*The task*. Search the material below for the string "cavity" and copy each line where it appears.
__________________________________________________
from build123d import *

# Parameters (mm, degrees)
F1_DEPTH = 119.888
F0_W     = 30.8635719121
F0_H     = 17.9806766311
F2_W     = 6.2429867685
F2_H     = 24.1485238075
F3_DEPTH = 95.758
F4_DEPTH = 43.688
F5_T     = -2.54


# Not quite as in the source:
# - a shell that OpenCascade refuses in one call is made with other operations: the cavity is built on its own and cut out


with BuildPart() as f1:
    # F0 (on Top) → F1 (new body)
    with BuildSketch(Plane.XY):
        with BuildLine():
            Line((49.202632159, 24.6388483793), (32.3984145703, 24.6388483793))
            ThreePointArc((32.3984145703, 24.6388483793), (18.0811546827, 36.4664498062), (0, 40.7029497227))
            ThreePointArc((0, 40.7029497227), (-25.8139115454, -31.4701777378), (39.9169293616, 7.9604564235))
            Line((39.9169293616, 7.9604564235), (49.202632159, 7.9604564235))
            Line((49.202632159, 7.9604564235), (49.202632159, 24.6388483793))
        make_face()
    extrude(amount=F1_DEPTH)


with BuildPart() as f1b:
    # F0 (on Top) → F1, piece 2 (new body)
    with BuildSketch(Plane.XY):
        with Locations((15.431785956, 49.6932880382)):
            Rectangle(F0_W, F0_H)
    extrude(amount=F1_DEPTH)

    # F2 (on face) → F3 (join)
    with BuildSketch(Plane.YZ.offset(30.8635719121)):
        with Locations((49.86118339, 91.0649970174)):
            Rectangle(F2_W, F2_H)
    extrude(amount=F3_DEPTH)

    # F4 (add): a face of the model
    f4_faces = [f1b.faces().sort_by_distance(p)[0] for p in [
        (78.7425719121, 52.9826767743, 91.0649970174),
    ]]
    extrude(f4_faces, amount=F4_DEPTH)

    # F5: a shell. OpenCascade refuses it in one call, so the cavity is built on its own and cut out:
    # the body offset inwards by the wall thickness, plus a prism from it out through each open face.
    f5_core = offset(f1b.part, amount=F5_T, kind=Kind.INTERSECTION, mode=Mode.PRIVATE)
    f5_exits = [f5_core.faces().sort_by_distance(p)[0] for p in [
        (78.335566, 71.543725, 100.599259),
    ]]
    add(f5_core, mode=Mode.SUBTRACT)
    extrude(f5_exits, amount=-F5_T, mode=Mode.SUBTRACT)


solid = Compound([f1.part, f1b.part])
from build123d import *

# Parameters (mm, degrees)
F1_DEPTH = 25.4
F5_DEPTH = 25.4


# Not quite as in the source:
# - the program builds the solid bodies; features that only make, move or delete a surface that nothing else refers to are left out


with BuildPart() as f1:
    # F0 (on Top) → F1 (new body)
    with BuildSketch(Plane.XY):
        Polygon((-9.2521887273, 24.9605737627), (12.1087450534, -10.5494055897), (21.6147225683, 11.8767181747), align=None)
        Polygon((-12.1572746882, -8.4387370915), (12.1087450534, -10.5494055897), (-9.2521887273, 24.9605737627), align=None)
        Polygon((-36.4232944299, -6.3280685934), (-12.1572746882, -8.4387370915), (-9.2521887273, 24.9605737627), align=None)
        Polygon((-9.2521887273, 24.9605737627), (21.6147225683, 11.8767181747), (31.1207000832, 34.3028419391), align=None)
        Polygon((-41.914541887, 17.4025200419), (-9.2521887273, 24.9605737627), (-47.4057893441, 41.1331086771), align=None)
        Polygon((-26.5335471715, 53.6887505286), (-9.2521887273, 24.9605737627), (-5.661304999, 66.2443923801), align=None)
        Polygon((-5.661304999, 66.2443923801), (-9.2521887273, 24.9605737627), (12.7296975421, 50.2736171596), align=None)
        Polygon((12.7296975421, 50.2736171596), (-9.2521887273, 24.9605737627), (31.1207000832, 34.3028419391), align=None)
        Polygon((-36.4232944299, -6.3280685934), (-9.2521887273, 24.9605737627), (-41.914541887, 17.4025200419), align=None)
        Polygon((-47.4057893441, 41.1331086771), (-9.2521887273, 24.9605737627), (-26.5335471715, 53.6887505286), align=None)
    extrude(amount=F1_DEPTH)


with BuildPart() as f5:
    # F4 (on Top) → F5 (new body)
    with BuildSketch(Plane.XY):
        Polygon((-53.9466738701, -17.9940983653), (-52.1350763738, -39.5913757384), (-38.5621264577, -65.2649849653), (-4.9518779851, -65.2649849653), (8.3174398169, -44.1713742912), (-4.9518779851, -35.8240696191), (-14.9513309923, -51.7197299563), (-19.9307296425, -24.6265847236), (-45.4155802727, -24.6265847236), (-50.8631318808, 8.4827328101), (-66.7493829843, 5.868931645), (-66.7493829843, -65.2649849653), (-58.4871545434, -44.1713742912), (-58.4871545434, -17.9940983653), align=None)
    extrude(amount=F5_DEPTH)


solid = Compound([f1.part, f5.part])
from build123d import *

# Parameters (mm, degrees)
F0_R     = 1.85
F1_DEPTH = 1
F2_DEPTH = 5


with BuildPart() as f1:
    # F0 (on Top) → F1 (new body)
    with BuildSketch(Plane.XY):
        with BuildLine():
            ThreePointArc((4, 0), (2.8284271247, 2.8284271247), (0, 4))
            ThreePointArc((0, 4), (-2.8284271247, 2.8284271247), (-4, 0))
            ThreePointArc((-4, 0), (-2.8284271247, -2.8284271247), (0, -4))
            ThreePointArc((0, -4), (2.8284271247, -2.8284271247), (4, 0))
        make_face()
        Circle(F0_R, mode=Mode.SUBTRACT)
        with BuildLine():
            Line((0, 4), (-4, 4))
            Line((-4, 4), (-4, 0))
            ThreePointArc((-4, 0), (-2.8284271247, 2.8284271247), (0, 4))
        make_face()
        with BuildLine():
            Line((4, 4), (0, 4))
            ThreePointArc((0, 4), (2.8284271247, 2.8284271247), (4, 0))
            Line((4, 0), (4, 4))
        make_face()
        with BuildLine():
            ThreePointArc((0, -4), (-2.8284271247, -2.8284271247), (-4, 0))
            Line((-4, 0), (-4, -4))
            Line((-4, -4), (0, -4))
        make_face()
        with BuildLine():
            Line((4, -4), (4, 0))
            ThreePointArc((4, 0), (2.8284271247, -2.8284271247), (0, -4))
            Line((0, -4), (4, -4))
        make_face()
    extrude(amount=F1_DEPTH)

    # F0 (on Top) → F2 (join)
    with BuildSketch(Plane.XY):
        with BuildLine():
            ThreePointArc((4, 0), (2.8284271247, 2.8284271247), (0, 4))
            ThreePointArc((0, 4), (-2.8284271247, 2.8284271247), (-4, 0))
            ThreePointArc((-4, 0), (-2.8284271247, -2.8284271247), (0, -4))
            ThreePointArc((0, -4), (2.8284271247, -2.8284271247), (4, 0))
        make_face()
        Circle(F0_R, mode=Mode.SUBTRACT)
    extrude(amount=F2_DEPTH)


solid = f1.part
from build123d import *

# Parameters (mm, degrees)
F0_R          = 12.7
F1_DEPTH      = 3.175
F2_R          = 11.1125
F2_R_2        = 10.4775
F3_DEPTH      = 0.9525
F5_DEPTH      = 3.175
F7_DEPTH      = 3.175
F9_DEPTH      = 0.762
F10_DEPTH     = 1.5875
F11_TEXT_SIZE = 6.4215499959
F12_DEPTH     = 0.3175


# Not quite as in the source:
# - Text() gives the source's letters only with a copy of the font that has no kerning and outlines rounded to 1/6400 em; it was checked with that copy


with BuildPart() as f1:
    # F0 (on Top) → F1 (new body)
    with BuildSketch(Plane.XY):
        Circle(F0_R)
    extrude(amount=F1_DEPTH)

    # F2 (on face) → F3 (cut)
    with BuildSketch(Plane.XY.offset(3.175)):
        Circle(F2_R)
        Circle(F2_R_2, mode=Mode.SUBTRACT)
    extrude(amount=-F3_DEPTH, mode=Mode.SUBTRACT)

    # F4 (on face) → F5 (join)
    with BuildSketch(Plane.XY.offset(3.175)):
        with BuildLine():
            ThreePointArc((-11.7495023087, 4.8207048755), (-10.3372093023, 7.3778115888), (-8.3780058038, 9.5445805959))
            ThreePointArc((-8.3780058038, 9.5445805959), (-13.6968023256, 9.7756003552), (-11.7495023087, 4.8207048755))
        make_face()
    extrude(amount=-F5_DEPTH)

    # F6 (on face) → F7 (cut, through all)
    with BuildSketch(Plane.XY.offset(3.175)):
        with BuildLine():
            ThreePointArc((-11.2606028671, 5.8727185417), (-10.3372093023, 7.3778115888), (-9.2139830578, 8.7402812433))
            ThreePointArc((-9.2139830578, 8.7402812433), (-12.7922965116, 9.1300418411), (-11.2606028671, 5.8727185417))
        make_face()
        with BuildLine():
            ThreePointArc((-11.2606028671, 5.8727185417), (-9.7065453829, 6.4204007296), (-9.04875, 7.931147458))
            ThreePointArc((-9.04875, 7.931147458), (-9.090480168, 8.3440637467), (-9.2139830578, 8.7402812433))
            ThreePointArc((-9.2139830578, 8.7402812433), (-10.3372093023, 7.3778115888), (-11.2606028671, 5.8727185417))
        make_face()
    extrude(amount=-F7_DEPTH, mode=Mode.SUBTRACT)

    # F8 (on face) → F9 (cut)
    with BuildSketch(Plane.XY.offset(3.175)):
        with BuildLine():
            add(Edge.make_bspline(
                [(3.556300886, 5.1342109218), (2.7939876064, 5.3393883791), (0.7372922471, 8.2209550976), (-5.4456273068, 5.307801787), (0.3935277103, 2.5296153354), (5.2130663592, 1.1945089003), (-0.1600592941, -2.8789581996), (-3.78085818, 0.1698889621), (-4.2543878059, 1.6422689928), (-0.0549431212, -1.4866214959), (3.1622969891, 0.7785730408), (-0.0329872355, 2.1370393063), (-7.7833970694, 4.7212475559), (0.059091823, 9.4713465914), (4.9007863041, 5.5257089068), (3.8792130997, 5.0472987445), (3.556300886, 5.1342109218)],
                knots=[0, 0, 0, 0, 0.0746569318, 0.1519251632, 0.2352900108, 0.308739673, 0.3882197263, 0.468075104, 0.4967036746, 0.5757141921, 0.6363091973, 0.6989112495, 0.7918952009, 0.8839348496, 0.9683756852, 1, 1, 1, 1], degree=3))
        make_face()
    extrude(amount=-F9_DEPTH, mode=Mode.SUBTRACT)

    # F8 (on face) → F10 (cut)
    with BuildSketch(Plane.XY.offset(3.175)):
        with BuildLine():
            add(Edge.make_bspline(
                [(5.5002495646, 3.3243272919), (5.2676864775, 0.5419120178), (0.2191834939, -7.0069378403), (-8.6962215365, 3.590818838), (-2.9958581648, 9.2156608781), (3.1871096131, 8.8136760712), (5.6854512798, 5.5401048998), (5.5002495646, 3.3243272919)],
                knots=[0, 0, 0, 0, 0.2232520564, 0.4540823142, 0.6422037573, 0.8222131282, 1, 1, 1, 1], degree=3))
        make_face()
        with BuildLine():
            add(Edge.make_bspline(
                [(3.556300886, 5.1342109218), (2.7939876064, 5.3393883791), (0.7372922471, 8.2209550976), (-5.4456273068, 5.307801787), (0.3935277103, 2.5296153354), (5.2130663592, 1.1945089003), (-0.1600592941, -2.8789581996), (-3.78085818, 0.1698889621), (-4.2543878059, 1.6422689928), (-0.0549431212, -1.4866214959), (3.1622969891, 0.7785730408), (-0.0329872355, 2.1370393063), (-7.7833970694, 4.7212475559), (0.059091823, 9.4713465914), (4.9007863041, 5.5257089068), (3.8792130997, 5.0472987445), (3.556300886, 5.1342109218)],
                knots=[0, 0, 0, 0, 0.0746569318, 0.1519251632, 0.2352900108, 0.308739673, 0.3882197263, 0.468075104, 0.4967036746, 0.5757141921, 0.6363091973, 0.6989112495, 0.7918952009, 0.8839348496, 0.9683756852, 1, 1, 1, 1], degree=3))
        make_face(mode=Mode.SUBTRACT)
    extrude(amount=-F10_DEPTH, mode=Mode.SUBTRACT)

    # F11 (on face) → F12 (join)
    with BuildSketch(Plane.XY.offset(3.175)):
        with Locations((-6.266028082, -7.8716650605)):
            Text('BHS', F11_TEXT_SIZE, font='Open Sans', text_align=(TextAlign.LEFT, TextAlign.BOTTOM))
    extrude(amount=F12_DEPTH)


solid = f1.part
__________________________________________________
*Written solution*.
# - a shell that OpenCascade refuses in one call is made with other operations: the cavity is built on its own and cut out
    # F5: a shell. OpenCascade refuses it in one call, so the cavity is built on its own and cut out:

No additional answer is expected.